EXERCISE MATERIALS Block Start
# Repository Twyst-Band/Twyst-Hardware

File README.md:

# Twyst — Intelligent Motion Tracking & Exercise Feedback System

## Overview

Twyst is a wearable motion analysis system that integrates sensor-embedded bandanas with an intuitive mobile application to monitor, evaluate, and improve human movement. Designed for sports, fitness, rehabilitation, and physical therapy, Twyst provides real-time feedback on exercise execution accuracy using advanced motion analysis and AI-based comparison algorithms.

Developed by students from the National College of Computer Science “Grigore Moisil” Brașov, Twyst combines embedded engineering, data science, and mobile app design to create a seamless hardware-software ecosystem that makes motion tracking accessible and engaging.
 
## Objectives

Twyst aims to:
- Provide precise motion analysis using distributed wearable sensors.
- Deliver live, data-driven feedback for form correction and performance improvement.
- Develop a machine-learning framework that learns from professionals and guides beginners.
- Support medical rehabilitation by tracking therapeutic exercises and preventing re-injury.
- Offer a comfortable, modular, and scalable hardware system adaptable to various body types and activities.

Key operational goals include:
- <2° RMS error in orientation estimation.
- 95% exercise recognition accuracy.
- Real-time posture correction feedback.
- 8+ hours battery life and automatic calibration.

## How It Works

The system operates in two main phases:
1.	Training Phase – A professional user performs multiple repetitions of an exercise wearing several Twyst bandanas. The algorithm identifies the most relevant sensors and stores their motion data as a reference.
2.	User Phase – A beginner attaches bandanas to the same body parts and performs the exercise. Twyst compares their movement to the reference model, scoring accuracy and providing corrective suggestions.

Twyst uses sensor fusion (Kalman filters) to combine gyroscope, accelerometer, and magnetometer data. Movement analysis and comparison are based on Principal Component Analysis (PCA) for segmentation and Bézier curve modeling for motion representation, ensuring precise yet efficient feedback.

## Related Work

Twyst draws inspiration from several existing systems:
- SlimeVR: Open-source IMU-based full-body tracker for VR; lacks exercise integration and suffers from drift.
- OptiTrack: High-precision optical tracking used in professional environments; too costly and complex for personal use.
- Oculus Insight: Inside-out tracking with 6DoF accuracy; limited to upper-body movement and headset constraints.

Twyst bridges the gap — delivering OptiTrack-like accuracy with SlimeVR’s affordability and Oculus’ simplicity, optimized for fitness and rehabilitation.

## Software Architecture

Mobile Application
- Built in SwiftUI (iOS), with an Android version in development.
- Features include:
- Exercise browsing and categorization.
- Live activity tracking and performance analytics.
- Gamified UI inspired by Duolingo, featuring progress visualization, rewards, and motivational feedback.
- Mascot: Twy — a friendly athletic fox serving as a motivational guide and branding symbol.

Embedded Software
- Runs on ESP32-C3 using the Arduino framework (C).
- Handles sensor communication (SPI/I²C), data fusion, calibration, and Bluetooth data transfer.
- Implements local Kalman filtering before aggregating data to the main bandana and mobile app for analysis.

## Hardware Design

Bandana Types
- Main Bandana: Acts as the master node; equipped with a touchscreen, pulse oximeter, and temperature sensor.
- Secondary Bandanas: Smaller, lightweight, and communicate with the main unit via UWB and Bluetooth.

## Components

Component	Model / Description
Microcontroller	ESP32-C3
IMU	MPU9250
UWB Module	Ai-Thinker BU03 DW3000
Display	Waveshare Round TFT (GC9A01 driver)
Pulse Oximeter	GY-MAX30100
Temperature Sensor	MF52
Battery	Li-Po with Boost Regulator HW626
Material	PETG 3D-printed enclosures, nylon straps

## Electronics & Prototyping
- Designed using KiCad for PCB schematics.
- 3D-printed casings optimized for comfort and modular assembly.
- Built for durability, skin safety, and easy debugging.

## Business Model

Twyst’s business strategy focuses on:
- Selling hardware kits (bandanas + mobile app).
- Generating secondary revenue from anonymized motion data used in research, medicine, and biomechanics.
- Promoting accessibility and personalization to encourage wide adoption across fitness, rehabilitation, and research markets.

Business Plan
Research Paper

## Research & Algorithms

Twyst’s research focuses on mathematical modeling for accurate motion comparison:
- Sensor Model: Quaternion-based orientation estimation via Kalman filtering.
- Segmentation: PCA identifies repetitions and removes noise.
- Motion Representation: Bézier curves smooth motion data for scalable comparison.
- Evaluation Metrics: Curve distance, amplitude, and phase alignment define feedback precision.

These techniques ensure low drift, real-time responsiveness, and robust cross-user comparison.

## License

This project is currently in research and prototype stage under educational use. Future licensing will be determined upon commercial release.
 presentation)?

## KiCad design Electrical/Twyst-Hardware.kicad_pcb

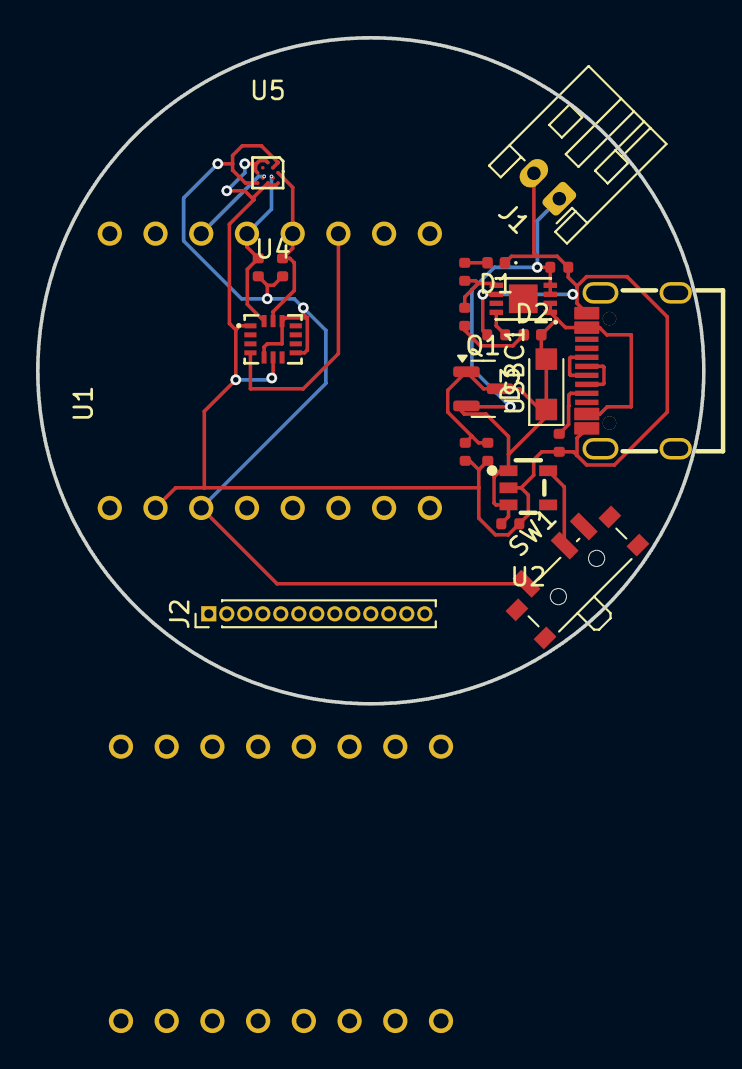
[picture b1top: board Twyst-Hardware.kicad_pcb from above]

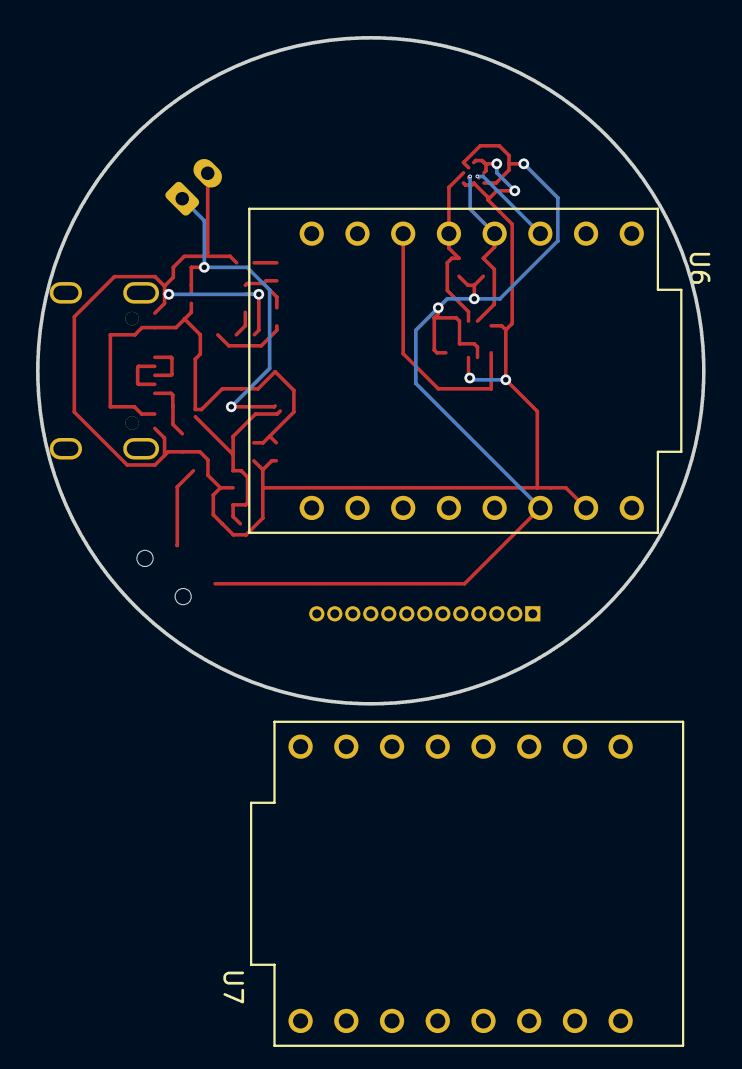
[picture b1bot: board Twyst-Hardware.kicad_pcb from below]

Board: 2 copper layers, 37.0 x 37.0 mm, 24 parts (2 on the bottom side), 17 nets.

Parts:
C1, C2, C3: 10µF; C_0402
D1, D2: LED; LED_0402_1005Metric
D3: PMEG4020ER; Nexperia_CFP3_SOD-123W
J1: Conn_01x02_Pin; JST_PH_S2B-PH-K_1x02_P2.00mm_Horizontal
J2: Conn_01x13_Pin; PinHeader_1x13_P1.00mm_Vertical
Q1: BSS84; SOT-23
R1: 5.1kΩ; R_0402
R2: 2kΩ; R_0402
R3, R4: 1kΩ; R_0402
R5: 100kΩ; R_0402
R6, R7: 4.7kΩ; R_0402
SW1: SW_SPDT; SW_SPDT_PCM12
U1: MCP73831-2ACI/MC; TDFN-8_L3.0-W2.0-P0.50-BL-EP1.6
U2: AP2112K-3.3TRG1_C23380830; SOT-23-5_L2.9-W1.6-P0.95-LS2.8-BR
U4: ICM-45686; LGA-14_L3.0-W2.5-P0.50-TL
U5: BMM150; WLCSP-12_L1.6-W1.6_BMM150
U6, U7: ESP32-C3_SUPERMINI_TH; MODULE_ESP32-C3_SUPERMINI_TH
USBC1: TYPE-C-31-M-12; USB-C_SMD-TYPE-C-31-M-12_1

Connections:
+3.3V: R6.1, R7.1, SW1.1 (A), U4.5 (VDDIO), U4.8 (VDD), U4.12 (AP_CS), U5.A1 (PS), U5.B2 (VDDIO), U5.E5 (VDD), U6.3.3 (3V3), U7.3.3 (3V3)
D+: USBC1.A7 (DN1), USBC1.B7 (DN2)
D-: USBC1.A6 (DP1), USBC1.B6 (DP2)
GND: C1.1, C2.2, C3.2, D1.1 (K), J1.2, R1.1, R2.2, R5.2, U1.6 (VSS), U2.2 (GND), U4.1 (AP_SDO/AP_AD0), U4.6 (GND), U5.A5 (CSB), U5.C1 (SDO), U5.C5 (GND), U5.E1 (GND), U5.E3 (GND), U6.G (GND), U7.G (GND), USBC1.A1B12 (GND), USBC1.B1A12 (GND)
unnamed: D1.2 (A), R4.1
unnamed: D2.1 (K), R3.1
unnamed: SW1.2 (B), U2.5 (VOUT)
unnamed: R2.1, U1.8 (PROG)
unnamed: R3.2, R4.2, U1.5 (STAT)
unnamed: R7.2, U4.13 (AP_SCL/AP_SCLK), U5.A3 (SCK), U6.9 (GPIO9)
unnamed: R6.2, U4.14 (AP_SDA/AP_SDIO/AP_SDI), U5.B4 (SDI), U6.8 (GPIO8)
unnamed: U4.4 (INT1/INT), U6.10 (GPIO10)
unnamed: U5.D4 (DRY), U6.7 (GPIO7)
unnamed: R1.2, USBC1.A5 (CC1)
VBAT: C2.1, J1.1, Q1.3 (D), U1.3 (VBAT), U1.4 (VBAT)
VBUS: C1.2, D2.2 (A), D3.2 (A), Q1.1 (G), R5.1, U1.1 (VDD), U1.2 (VDD), USBC1.A4B9 (VBUS), USBC1.B4A9 (VBUS)
VSH: C3.1, D3.1 (K), Q1.2 (S), U2.1 (VIN), U2.3 (EN)

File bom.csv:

Designator,Footprint,Quantity,Value,LCSC Part #
"C1, C2, C3",C_0402,3,10µF,
"D1, D2",0402,2,LED,
D3,Nexperia_CFP3_SOD-123W,1,PMEG4020ER,
J1,JST_PH_S2B-PH-K_1x02_P2.00mm_Horizontal,1,Conn_01x02_Pin,
Q1,SOT-23,1,BSS84,
R1,R_0402,1,5.1kΩ,
R2,R_0402,1,2kΩ,
"R3, R4",R_0402,2,1kΩ,
R5,R_0402,1,100kΩ,
"R6, R7",R_0402,2,4.7kΩ,
SW1,SW_SPDT_PCM12,1,SW_SPDT,
U1,TDFN-8_L3.0-W2.0-P0.50-BL-EP1.6,1,MCP73831-2ACI/MC,C150772
U2,SOT-23-5_L2.9-W1.6-P0.95-LS2.8-BR,1,AP2112K-3.3TRG1_C23380830,C23380830
U4,LGA-14_L3.0-W2.5-P0.50-TL,1,ICM-45686,C22459454
U5,WLCSP-12_L1.6-W1.6_BMM150,1,BMM150,C171681
U6,MODULE_ESP32-C3_SUPERMINI_TH,1,ESP32-C3_SUPERMINI_TH,
USBC1,USB-C_SMD-TYPE-C-31-M-12_1,1,TYPE-C-31-M-12,C165948
`

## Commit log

2025-10-09 Fixed schematic
2025-10-17 added files
2025-10-21 Added new and improved schematic
2025-10-21 Added new and improved version
2025-10-22 Refactored folder structure
2025-10-22 Added gitignore
2025-10-22 Added screen module in schematics
2025-10-23 Added 3d models
2025-10-23 Added necessary files for blueprint
EXERCISE MATERIALS Block End
PROBLEM TO WORK ON >> Return a copy of each line of the material that holds the word "sensors".

TASK RESULT >>
- Provide precise motion analysis using distributed wearable sensors.
1.	Training Phase – A professional user performs multiple repetitions of an exercise wearing several Twyst bandanas. The algorithm identifies the most relevant sensors and stores their motion data as a reference.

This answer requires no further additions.